RECORDS FOR THIS TASK =>
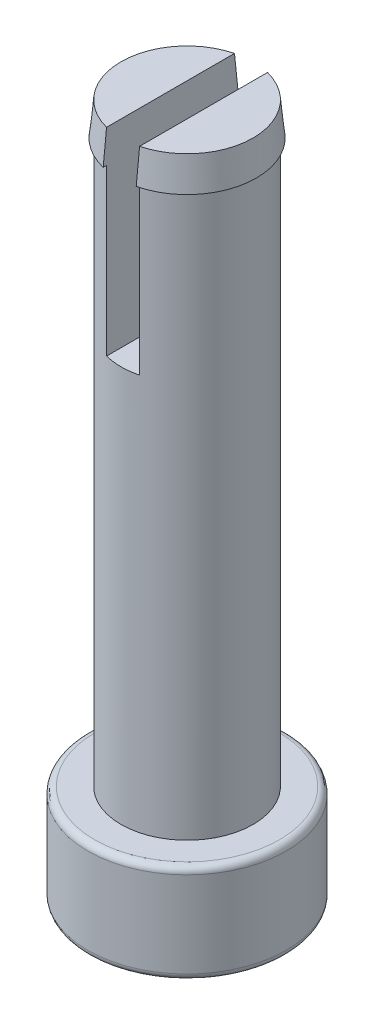
ISO-10303-21;
HEADER;
FILE_DESCRIPTION(('STEP AP214'),'2;1');
FILE_NAME('part.step','',(''),(''),'','','');
FILE_SCHEMA(('AUTOMOTIVE_DESIGN { 1 0 10303 214 1 1 1 1 }'));
ENDSEC;
DATA;
#1=APPLICATION_CONTEXT('core data for automotive mechanical design processes');
#2=APPLICATION_PROTOCOL_DEFINITION('international standard','automotive_design',2000,#1);
#3=PRODUCT_CONTEXT('',#1,'mechanical');
#4=PRODUCT('Part','Part','',(#3));
#5=PRODUCT_RELATED_PRODUCT_CATEGORY('part','',(#4));
#6=PRODUCT_DEFINITION_FORMATION('','',#4);
#7=PRODUCT_DEFINITION_CONTEXT('part definition',#1,'design');
#8=PRODUCT_DEFINITION('design','',#6,#7);
#9=PRODUCT_DEFINITION_SHAPE('','',#8);
#10=(LENGTH_UNIT() NAMED_UNIT(*) SI_UNIT(.MILLI.,.METRE.));
#11=(NAMED_UNIT(*) PLANE_ANGLE_UNIT() SI_UNIT($,.RADIAN.));
#12=(NAMED_UNIT(*) SI_UNIT($,.STERADIAN.) SOLID_ANGLE_UNIT());
#13=UNCERTAINTY_MEASURE_WITH_UNIT(LENGTH_MEASURE(1.E-05),#10,'distance_accuracy_value','');
#14=(GEOMETRIC_REPRESENTATION_CONTEXT(3) GLOBAL_UNCERTAINTY_ASSIGNED_CONTEXT((#13)) GLOBAL_UNIT_ASSIGNED_CONTEXT((#10,
#11,#12)) REPRESENTATION_CONTEXT('',''));
#15=CARTESIAN_POINT('',(0.,0.,0.));
#16=DIRECTION('',(0.,0.,1.));
#17=DIRECTION('',(1.,0.,0.));
#18=AXIS2_PLACEMENT_3D('',#15,#16,#17);
#19=CARTESIAN_POINT('',(-2.1,20.,0.));
#20=DIRECTION('',(0.,1.,0.));
#21=DIRECTION('',(0.,0.,1.));
#22=AXIS2_PLACEMENT_3D('',#19,#20,#21);
#23=PLANE('',#22);
#24=CARTESIAN_POINT('',(0.,20.,0.));
#25=DIRECTION('',(0.,-1.,0.));
#26=DIRECTION('',(0.,0.,-1.));
#27=AXIS2_PLACEMENT_3D('',#24,#25,#26);
#28=CIRCLE('',#27,2.1);
#29=CARTESIAN_POINT('',(0.499999999999999,20.,-2.03960780543711));
#30=VERTEX_POINT('',#29);
#31=CARTESIAN_POINT('',(0.5,20.,2.03960780543711));
#32=VERTEX_POINT('',#31);
#33=EDGE_CURVE('E118',#30,#32,#28,.T.);
#34=ORIENTED_EDGE('',*,*,#33,.T.);
#35=DIRECTION('',(0.,0.,-1.));
#36=VECTOR('',#35,1.);
#37=CARTESIAN_POINT('',(0.5,20.,0.));
#38=LINE('',#37,#36);
#39=CARTESIAN_POINT('',(0.5,20.,1.93649167310371));
#40=VERTEX_POINT('',#39);
#41=EDGE_CURVE('E196',#32,#40,#38,.T.);
#42=ORIENTED_EDGE('',*,*,#41,.T.);
#43=CARTESIAN_POINT('',(0.,20.,0.));
#44=DIRECTION('',(0.,1.,0.));
#45=DIRECTION('',(0.,0.,1.));
#46=AXIS2_PLACEMENT_3D('',#43,#44,#45);
#47=CIRCLE('',#46,2.);
#48=CARTESIAN_POINT('',(0.499999999999999,20.,-1.93649167310371));
#49=VERTEX_POINT('',#48);
#50=EDGE_CURVE('E105',#40,#49,#47,.T.);
#51=ORIENTED_EDGE('',*,*,#50,.T.);
#52=EDGE_CURVE('E57',#49,#30,#38,.T.);
#53=ORIENTED_EDGE('',*,*,#52,.T.);
#54=EDGE_LOOP('',(#34,#42,#51,#53));
#55=FACE_BOUND('',#54,.T.);
#56=ADVANCED_FACE('F34',(#55),#23,.F.);
#57=CARTESIAN_POINT('',(0.,21.,0.));
#58=DIRECTION('',(0.,-1.,0.));
#59=DIRECTION('',(0.,0.,-1.));
#60=AXIS2_PLACEMENT_3D('',#57,#58,#59);
#61=CONICAL_SURFACE('',#60,2.,0.0996686524911622);
#62=ORIENTED_EDGE('',*,*,#33,.F.);
#63=CARTESIAN_POINT('',(0.499999999999999,16.841130436013,-2.36357986666357));
#64=CARTESIAN_POINT('',(0.499999999999999,17.4581092019345,-2.30051294550379));
#65=CARTESIAN_POINT('',(0.499999999999999,18.075077794743,-2.23734624093098));
#66=CARTESIAN_POINT('',(0.499999999999999,19.3089863140136,-2.11073579129171));
#67=CARTESIAN_POINT('',(0.499999999999999,19.9259262404865,-2.04729204632903));
#68=CARTESIAN_POINT('',(0.499999999999999,21.1597696902874,-1.92004998262336));
#69=CARTESIAN_POINT('',(0.499999999999999,21.7766732136083,-1.85625166381081));
#70=CARTESIAN_POINT('',(0.499999999999999,23.0104289475399,-1.72815870123598));
#71=CARTESIAN_POINT('',(0.499999999999999,23.627281158131,-1.66386405728527));
#72=CARTESIAN_POINT('',(0.499999999999999,24.2441000838575,-1.59925039315231));
#73=B_SPLINE_CURVE_WITH_KNOTS('',3,(#63,#64,#65,#66,#67,#68,#69,#70,#71,#72),.UNSPECIFIED.,.F.,
.F.,(4,2,2,2,4),(0.,1.86058114819701,3.72116159936956,5.58174241557319,7.44232393822368),.UNSPECIFIED.);
#74=CARTESIAN_POINT('',(0.499999999999999,21.,-1.93649167310371));
#75=VERTEX_POINT('',#74);
#76=EDGE_CURVE('E194',#30,#75,#73,.T.);
#77=ORIENTED_EDGE('',*,*,#76,.T.);
#78=CARTESIAN_POINT('',(0.,21.,0.));
#79=DIRECTION('',(0.,-1.,0.));
#80=DIRECTION('',(0.,0.,-1.));
#81=AXIS2_PLACEMENT_3D('',#78,#79,#80);
#82=CIRCLE('',#81,2.);
#83=CARTESIAN_POINT('',(0.5,21.,1.93649167310371));
#84=VERTEX_POINT('',#83);
#85=EDGE_CURVE('E117',#75,#84,#82,.T.);
#86=ORIENTED_EDGE('',*,*,#85,.T.);
#87=CARTESIAN_POINT('',(0.5,24.2441000838575,1.59925039315231));
#88=CARTESIAN_POINT('',(0.5,23.2336599431167,1.70508949991539));
#89=CARTESIAN_POINT('',(0.5,22.2231318658387,1.81008354046585));
#90=CARTESIAN_POINT('',(0.5,20.9893168649101,1.93760388991941));
#91=CARTESIAN_POINT('',(0.5,20.766083590966,1.96064915154205));
#92=CARTESIAN_POINT('',(0.5,19.9259262174672,2.0472929739407));
#93=CARTESIAN_POINT('',(0.5,19.3089861080309,2.11073627491152));
#94=CARTESIAN_POINT('',(0.5,18.0750774821184,2.23734581002696));
#95=CARTESIAN_POINT('',(0.5,17.4581089656435,2.3005120441842));
#96=CARTESIAN_POINT('',(0.5,16.841130436013,2.36357986666357));
#97=B_SPLINE_CURVE_WITH_KNOTS('',3,(#87,#88,#89,#90,#91,#92,#93,#94,#95,#96),.UNSPECIFIED.,.F.,
.F.,(4,2,2,2,4),(0.,3.04790325494798,3.7211621941506,5.58174303628262,7.44232379352003),.UNSPECIFIED.);
#98=EDGE_CURVE('E215',#84,#32,#97,.T.);
#99=ORIENTED_EDGE('',*,*,#98,.T.);
#100=EDGE_LOOP('',(#62,#77,#86,#99));
#101=FACE_BOUND('',#100,.T.);
#102=ADVANCED_FACE('F166',(#101),#61,.T.);
#103=CARTESIAN_POINT('',(0.,21.,0.));
#104=DIRECTION('',(0.,1.,0.));
#105=DIRECTION('',(0.,0.,1.));
#106=AXIS2_PLACEMENT_3D('',#103,#104,#105);
#107=PLANE('',#106);
#108=DIRECTION('',(0.,0.,-1.));
#109=VECTOR('',#108,1.);
#110=CARTESIAN_POINT('',(0.5,21.,0.));
#111=LINE('',#110,#109);
#112=EDGE_CURVE('E104',#84,#75,#111,.T.);
#113=ORIENTED_EDGE('',*,*,#112,.F.);
#114=ORIENTED_EDGE('',*,*,#85,.F.);
#115=EDGE_LOOP('',(#113,#114));
#116=FACE_BOUND('',#115,.T.);
#117=ADVANCED_FACE('F160',(#116),#107,.T.);
#118=CARTESIAN_POINT('',(0.,21.,0.));
#119=DIRECTION('',(0.,-1.,0.));
#120=DIRECTION('',(0.,0.,-1.));
#121=AXIS2_PLACEMENT_3D('',#118,#119,#120);
#122=CYLINDRICAL_SURFACE('',#121,2.);
#123=ORIENTED_EDGE('',*,*,#50,.F.);
#124=DIRECTION('',(0.,-1.,0.));
#125=VECTOR('',#124,1.);
#126=CARTESIAN_POINT('',(0.5,21.,1.93649167310371));
#127=LINE('',#126,#125);
#128=CARTESIAN_POINT('',(0.5,15.,1.93649167310371));
#129=VERTEX_POINT('',#128);
#130=EDGE_CURVE('E204',#40,#129,#127,.T.);
#131=ORIENTED_EDGE('',*,*,#130,.T.);
#132=CARTESIAN_POINT('',(0.,15.,0.));
#133=DIRECTION('',(0.,-1.,0.));
#134=DIRECTION('',(0.,0.,-1.));
#135=AXIS2_PLACEMENT_3D('',#132,#133,#134);
#136=CIRCLE('',#135,2.);
#137=CARTESIAN_POINT('',(-0.5,15.,1.93649167310371));
#138=VERTEX_POINT('',#137);
#139=EDGE_CURVE('E135',#129,#138,#136,.T.);
#140=ORIENTED_EDGE('',*,*,#139,.T.);
#141=DIRECTION('',(0.,-1.,0.));
#142=VECTOR('',#141,1.);
#143=CARTESIAN_POINT('',(-0.5,21.,1.93649167310371));
#144=LINE('',#143,#142);
#145=CARTESIAN_POINT('',(-0.5,20.,1.93649167310371));
#146=VERTEX_POINT('',#145);
#147=EDGE_CURVE('E241',#138,#146,#144,.F.);
#148=ORIENTED_EDGE('',*,*,#147,.T.);
#149=CARTESIAN_POINT('',(-0.5,20.,-1.93649167310371));
#150=VERTEX_POINT('',#149);
#151=EDGE_CURVE('E128',#150,#146,#47,.T.);
#152=ORIENTED_EDGE('',*,*,#151,.F.);
#153=DIRECTION('',(0.,-1.,0.));
#154=VECTOR('',#153,1.);
#155=CARTESIAN_POINT('',(-0.5,21.,-1.93649167310371));
#156=LINE('',#155,#154);
#157=CARTESIAN_POINT('',(-0.5,15.,-1.93649167310371));
#158=VERTEX_POINT('',#157);
#159=EDGE_CURVE('E222',#150,#158,#156,.T.);
#160=ORIENTED_EDGE('',*,*,#159,.T.);
#161=CARTESIAN_POINT('',(0.499999999999999,15.,-1.93649167310371));
#162=VERTEX_POINT('',#161);
#163=EDGE_CURVE('E132',#158,#162,#136,.T.);
#164=ORIENTED_EDGE('',*,*,#163,.T.);
#165=DIRECTION('',(0.,-1.,0.));
#166=VECTOR('',#165,1.);
#167=CARTESIAN_POINT('',(0.499999999999999,21.,-1.93649167310371));
#168=LINE('',#167,#166);
#169=EDGE_CURVE('E193',#162,#49,#168,.F.);
#170=ORIENTED_EDGE('',*,*,#169,.T.);
#171=EDGE_LOOP('',(#123,#131,#140,#148,#152,#160,#164,#170));
#172=FACE_BOUND('',#171,.T.);
#173=CARTESIAN_POINT('',(0.,3.,0.));
#174=DIRECTION('',(0.,1.,0.));
#175=DIRECTION('',(0.,0.,1.));
#176=AXIS2_PLACEMENT_3D('',#173,#174,#175);
#177=CIRCLE('',#176,2.);
#178=CARTESIAN_POINT('',(0.,3.,2.));
#179=VERTEX_POINT('',#178);
#180=EDGE_CURVE('E121',#179,#179,#177,.T.);
#181=ORIENTED_EDGE('',*,*,#180,.T.);
#182=EDGE_LOOP('',(#181));
#183=FACE_BOUND('',#182,.T.);
#184=ADVANCED_FACE('F155',(#172,#183),#122,.T.);
#185=CARTESIAN_POINT('',(0.,3.,0.));
#186=DIRECTION('',(0.,1.,0.));
#187=DIRECTION('',(0.,0.,1.));
#188=AXIS2_PLACEMENT_3D('',#185,#186,#187);
#189=PLANE('',#188);
#190=CARTESIAN_POINT('',(0.,3.,0.));
#191=DIRECTION('',(0.,1.,0.));
#192=DIRECTION('',(0.,0.,1.));
#193=AXIS2_PLACEMENT_3D('',#190,#191,#192);
#194=CIRCLE('',#193,2.8);
#195=CARTESIAN_POINT('',(0.,3.,2.8));
#196=VERTEX_POINT('',#195);
#197=EDGE_CURVE('E136',#196,#196,#194,.T.);
#198=ORIENTED_EDGE('',*,*,#197,.T.);
#199=EDGE_LOOP('',(#198));
#200=FACE_BOUND('',#199,.T.);
#201=ORIENTED_EDGE('',*,*,#180,.F.);
#202=EDGE_LOOP('',(#201));
#203=FACE_BOUND('',#202,.T.);
#204=ADVANCED_FACE('F152',(#200,#203),#189,.T.);
#205=CARTESIAN_POINT('',(0.,3.,0.));
#206=DIRECTION('',(0.,-1.,0.));
#207=DIRECTION('',(0.,0.,-1.));
#208=AXIS2_PLACEMENT_3D('',#205,#206,#207);
#209=CYLINDRICAL_SURFACE('',#208,3.);
#210=CARTESIAN_POINT('',(0.,2.8,0.));
#211=DIRECTION('',(0.,1.,0.));
#212=DIRECTION('',(0.,0.,1.));
#213=AXIS2_PLACEMENT_3D('',#210,#211,#212);
#214=CIRCLE('',#213,3.);
#215=CARTESIAN_POINT('',(0.,2.8,3.));
#216=VERTEX_POINT('',#215);
#217=EDGE_CURVE('E42',#216,#216,#214,.F.);
#218=ORIENTED_EDGE('',*,*,#217,.T.);
#219=EDGE_LOOP('',(#218));
#220=FACE_BOUND('',#219,.T.);
#221=CARTESIAN_POINT('',(0.,0.2,0.));
#222=DIRECTION('',(0.,1.,0.));
#223=DIRECTION('',(0.,0.,1.));
#224=AXIS2_PLACEMENT_3D('',#221,#222,#223);
#225=CIRCLE('',#224,3.);
#226=CARTESIAN_POINT('',(0.,0.2,3.));
#227=VERTEX_POINT('',#226);
#228=EDGE_CURVE('E139',#227,#227,#225,.T.);
#229=ORIENTED_EDGE('',*,*,#228,.T.);
#230=EDGE_LOOP('',(#229));
#231=FACE_BOUND('',#230,.T.);
#232=ADVANCED_FACE('F144',(#220,#231),#209,.T.);
#233=CARTESIAN_POINT('',(0.,0.,0.));
#234=DIRECTION('',(0.,1.,0.));
#235=DIRECTION('',(0.,0.,1.));
#236=AXIS2_PLACEMENT_3D('',#233,#234,#235);
#237=PLANE('',#236);
#238=CARTESIAN_POINT('',(0.,0.,0.));
#239=DIRECTION('',(0.,1.,0.));
#240=DIRECTION('',(0.,0.,1.));
#241=AXIS2_PLACEMENT_3D('',#238,#239,#240);
#242=CIRCLE('',#241,2.8);
#243=CARTESIAN_POINT('',(0.,0.,2.8));
#244=VERTEX_POINT('',#243);
#245=EDGE_CURVE('E11',#244,#244,#242,.F.);
#246=ORIENTED_EDGE('',*,*,#245,.T.);
#247=EDGE_LOOP('',(#246));
#248=FACE_BOUND('',#247,.T.);
#249=ADVANCED_FACE('F181',(#248),#237,.F.);
#250=CARTESIAN_POINT('',(-0.5,20.,2.03960780543711));
#251=VERTEX_POINT('',#250);
#252=CARTESIAN_POINT('',(-0.5,20.,-2.03960780543711));
#253=VERTEX_POINT('',#252);
#254=EDGE_CURVE('E112',#251,#253,#28,.T.);
#255=ORIENTED_EDGE('',*,*,#254,.T.);
#256=DIRECTION('',(0.,0.,1.));
#257=VECTOR('',#256,1.);
#258=CARTESIAN_POINT('',(-0.5,20.,0.));
#259=LINE('',#258,#257);
#260=EDGE_CURVE('E191',#253,#150,#259,.T.);
#261=ORIENTED_EDGE('',*,*,#260,.T.);
#262=ORIENTED_EDGE('',*,*,#151,.T.);
#263=EDGE_CURVE('E113',#146,#251,#259,.T.);
#264=ORIENTED_EDGE('',*,*,#263,.T.);
#265=EDGE_LOOP('',(#255,#261,#262,#264));
#266=FACE_BOUND('',#265,.T.);
#267=ADVANCED_FACE('F173',(#266),#23,.F.);
#268=CARTESIAN_POINT('',(-0.5,21.,1.93649167310371));
#269=VERTEX_POINT('',#268);
#270=CARTESIAN_POINT('',(-0.5,21.,-1.93649167310371));
#271=VERTEX_POINT('',#270);
#272=EDGE_CURVE('E110',#269,#271,#82,.T.);
#273=ORIENTED_EDGE('',*,*,#272,.T.);
#274=CARTESIAN_POINT('',(-0.5,24.2441000838575,-1.59925039315231));
#275=CARTESIAN_POINT('',(-0.5,23.2336599431167,-1.70508949991539));
#276=CARTESIAN_POINT('',(-0.5,22.2231318658387,-1.81008354046585));
#277=CARTESIAN_POINT('',(-0.5,20.9893168649101,-1.93760388991941));
#278=CARTESIAN_POINT('',(-0.5,20.766083590966,-1.96064915154205));
#279=CARTESIAN_POINT('',(-0.5,19.9259262174672,-2.0472929739407));
#280=CARTESIAN_POINT('',(-0.5,19.3089861080309,-2.11073627491152));
#281=CARTESIAN_POINT('',(-0.5,18.0750774821184,-2.23734581002695));
#282=CARTESIAN_POINT('',(-0.5,17.4581089656435,-2.3005120441842));
#283=CARTESIAN_POINT('',(-0.5,16.841130436013,-2.36357986666357));
#284=B_SPLINE_CURVE_WITH_KNOTS('',3,(#274,#275,#276,#277,#278,#279,#280,#281,#282,#283),
.UNSPECIFIED.,.F.,.F.,(4,2,2,2,4),(0.,3.04790325494798,3.7211621941506,5.58174303628262,
7.44232379352003),.UNSPECIFIED.);
#285=EDGE_CURVE('E49',#271,#253,#284,.T.);
#286=ORIENTED_EDGE('',*,*,#285,.T.);
#287=ORIENTED_EDGE('',*,*,#254,.F.);
#288=CARTESIAN_POINT('',(-0.5,16.841130436013,2.36357986666357));
#289=CARTESIAN_POINT('',(-0.5,17.4581092019345,2.30051294550379));
#290=CARTESIAN_POINT('',(-0.5,18.075077794743,2.23734624093098));
#291=CARTESIAN_POINT('',(-0.5,19.3089863140136,2.11073579129171));
#292=CARTESIAN_POINT('',(-0.5,19.9259262404865,2.04729204632903));
#293=CARTESIAN_POINT('',(-0.5,21.1597696902874,1.92004998262336));
#294=CARTESIAN_POINT('',(-0.5,21.7766732136083,1.85625166381081));
#295=CARTESIAN_POINT('',(-0.5,23.0104289475399,1.72815870123598));
#296=CARTESIAN_POINT('',(-0.5,23.627281158131,1.66386405728527));
#297=CARTESIAN_POINT('',(-0.5,24.2441000838575,1.59925039315231));
#298=B_SPLINE_CURVE_WITH_KNOTS('',3,(#288,#289,#290,#291,#292,#293,#294,#295,#296,#297),
.UNSPECIFIED.,.F.,.F.,(4,2,2,2,4),(0.,1.86058114819701,3.72116159936956,5.58174241557319,
7.44232393822368),.UNSPECIFIED.);
#299=EDGE_CURVE('E99',#251,#269,#298,.T.);
#300=ORIENTED_EDGE('',*,*,#299,.T.);
#301=EDGE_LOOP('',(#273,#286,#287,#300));
#302=FACE_BOUND('',#301,.T.);
#303=ADVANCED_FACE('F109',(#302),#61,.T.);
#304=DIRECTION('',(0.,0.,1.));
#305=VECTOR('',#304,1.);
#306=CARTESIAN_POINT('',(-0.5,21.,0.));
#307=LINE('',#306,#305);
#308=EDGE_CURVE('E96',#271,#269,#307,.T.);
#309=ORIENTED_EDGE('',*,*,#308,.F.);
#310=ORIENTED_EDGE('',*,*,#272,.F.);
#311=EDGE_LOOP('',(#309,#310));
#312=FACE_BOUND('',#311,.T.);
#313=ADVANCED_FACE('F116',(#312),#107,.T.);
#314=CARTESIAN_POINT('',(0.,15.,0.));
#315=DIRECTION('',(0.,-1.,0.));
#316=DIRECTION('',(0.,0.,-1.));
#317=AXIS2_PLACEMENT_3D('',#314,#315,#316);
#318=PLANE('',#317);
#319=DIRECTION('',(0.,0.,-1.));
#320=VECTOR('',#319,1.);
#321=CARTESIAN_POINT('',(0.499999999999999,15.,-2.46882278638811));
#322=LINE('',#321,#320);
#323=EDGE_CURVE('E230',#129,#162,#322,.T.);
#324=ORIENTED_EDGE('',*,*,#323,.T.);
#325=ORIENTED_EDGE('',*,*,#163,.F.);
#326=DIRECTION('',(0.,0.,1.));
#327=VECTOR('',#326,1.);
#328=CARTESIAN_POINT('',(-0.5,15.,-2.46882278638811));
#329=LINE('',#328,#327);
#330=EDGE_CURVE('E114',#158,#138,#329,.T.);
#331=ORIENTED_EDGE('',*,*,#330,.T.);
#332=ORIENTED_EDGE('',*,*,#139,.F.);
#333=EDGE_LOOP('',(#324,#325,#331,#332));
#334=FACE_BOUND('',#333,.T.);
#335=ADVANCED_FACE('F210',(#334),#318,.F.);
#336=CARTESIAN_POINT('',(0.499999999999999,15.,-2.46882278638811));
#337=DIRECTION('',(1.,0.,0.));
#338=DIRECTION('',(0.,0.,-1.));
#339=AXIS2_PLACEMENT_3D('',#336,#337,#338);
#340=PLANE('',#339);
#341=ORIENTED_EDGE('',*,*,#323,.F.);
#342=ORIENTED_EDGE('',*,*,#130,.F.);
#343=ORIENTED_EDGE('',*,*,#41,.F.);
#344=ORIENTED_EDGE('',*,*,#98,.F.);
#345=ORIENTED_EDGE('',*,*,#112,.T.);
#346=ORIENTED_EDGE('',*,*,#76,.F.);
#347=ORIENTED_EDGE('',*,*,#52,.F.);
#348=ORIENTED_EDGE('',*,*,#169,.F.);
#349=EDGE_LOOP('',(#341,#342,#343,#344,#345,#346,#347,#348));
#350=FACE_BOUND('',#349,.T.);
#351=ADVANCED_FACE('F206',(#350),#340,.F.);
#352=CARTESIAN_POINT('',(-0.5,15.,-2.46882278638811));
#353=DIRECTION('',(-1.,0.,0.));
#354=DIRECTION('',(0.,0.,1.));
#355=AXIS2_PLACEMENT_3D('',#352,#353,#354);
#356=PLANE('',#355);
#357=ORIENTED_EDGE('',*,*,#260,.F.);
#358=ORIENTED_EDGE('',*,*,#285,.F.);
#359=ORIENTED_EDGE('',*,*,#308,.T.);
#360=ORIENTED_EDGE('',*,*,#299,.F.);
#361=ORIENTED_EDGE('',*,*,#263,.F.);
#362=ORIENTED_EDGE('',*,*,#147,.F.);
#363=ORIENTED_EDGE('',*,*,#330,.F.);
#364=ORIENTED_EDGE('',*,*,#159,.F.);
#365=EDGE_LOOP('',(#357,#358,#359,#360,#361,#362,#363,#364));
#366=FACE_BOUND('',#365,.T.);
#367=ADVANCED_FACE('F98',(#366),#356,.F.);
#368=CARTESIAN_POINT('',(0.,2.8,0.));
#369=DIRECTION('',(0.,1.,0.));
#370=DIRECTION('',(0.,0.,1.));
#371=AXIS2_PLACEMENT_3D('',#368,#369,#370);
#372=TOROIDAL_SURFACE('',#371,2.8,0.2);
#373=ORIENTED_EDGE('',*,*,#217,.F.);
#374=EDGE_LOOP('',(#373));
#375=FACE_BOUND('',#374,.T.);
#376=ORIENTED_EDGE('',*,*,#197,.F.);
#377=EDGE_LOOP('',(#376));
#378=FACE_BOUND('',#377,.T.);
#379=ADVANCED_FACE('F147',(#375,#378),#372,.T.);
#380=CARTESIAN_POINT('',(0.,0.2,0.));
#381=DIRECTION('',(0.,1.,0.));
#382=DIRECTION('',(0.,0.,1.));
#383=AXIS2_PLACEMENT_3D('',#380,#381,#382);
#384=TOROIDAL_SURFACE('',#383,2.8,0.2);
#385=ORIENTED_EDGE('',*,*,#245,.F.);
#386=EDGE_LOOP('',(#385));
#387=FACE_BOUND('',#386,.T.);
#388=ORIENTED_EDGE('',*,*,#228,.F.);
#389=EDGE_LOOP('',(#388));
#390=FACE_BOUND('',#389,.T.);
#391=ADVANCED_FACE('F36',(#387,#390),#384,.T.);
#392=CLOSED_SHELL('',(#56,#102,#117,#184,#204,#232,#249,#267,#303,#313,#335,#351,#367,#379,#391));
#393=MANIFOLD_SOLID_BREP('B2',#392);
#394=ADVANCED_BREP_SHAPE_REPRESENTATION('',(#18,#393),#14);
#395=SHAPE_DEFINITION_REPRESENTATION(#9,#394);
ENDSEC;
END-ISO-10303-21;

YOUR INSTRUCTIONS => The required output is an exact copy of the lines from the start of the material above through the line containing "#8=PRODUCT_DEFINITION('design','',#6,#7);", inclusive, with no pictures in it.

EXERCISE RESPONSE =>
ISO-10303-21;
HEADER;
FILE_DESCRIPTION(('STEP AP214'),'2;1');
FILE_NAME('part.step','',(''),(''),'','','');
FILE_SCHEMA(('AUTOMOTIVE_DESIGN { 1 0 10303 214 1 1 1 1 }'));
ENDSEC;
DATA;
#1=APPLICATION_CONTEXT('core data for automotive mechanical design processes');
#2=APPLICATION_PROTOCOL_DEFINITION('international standard','automotive_design',2000,#1);
#3=PRODUCT_CONTEXT('',#1,'mechanical');
#4=PRODUCT('Part','Part','',(#3));
#5=PRODUCT_RELATED_PRODUCT_CATEGORY('part','',(#4));
#6=PRODUCT_DEFINITION_FORMATION('','',#4);
#7=PRODUCT_DEFINITION_CONTEXT('part definition',#1,'design');
#8=PRODUCT_DEFINITION('design','',#6,#7);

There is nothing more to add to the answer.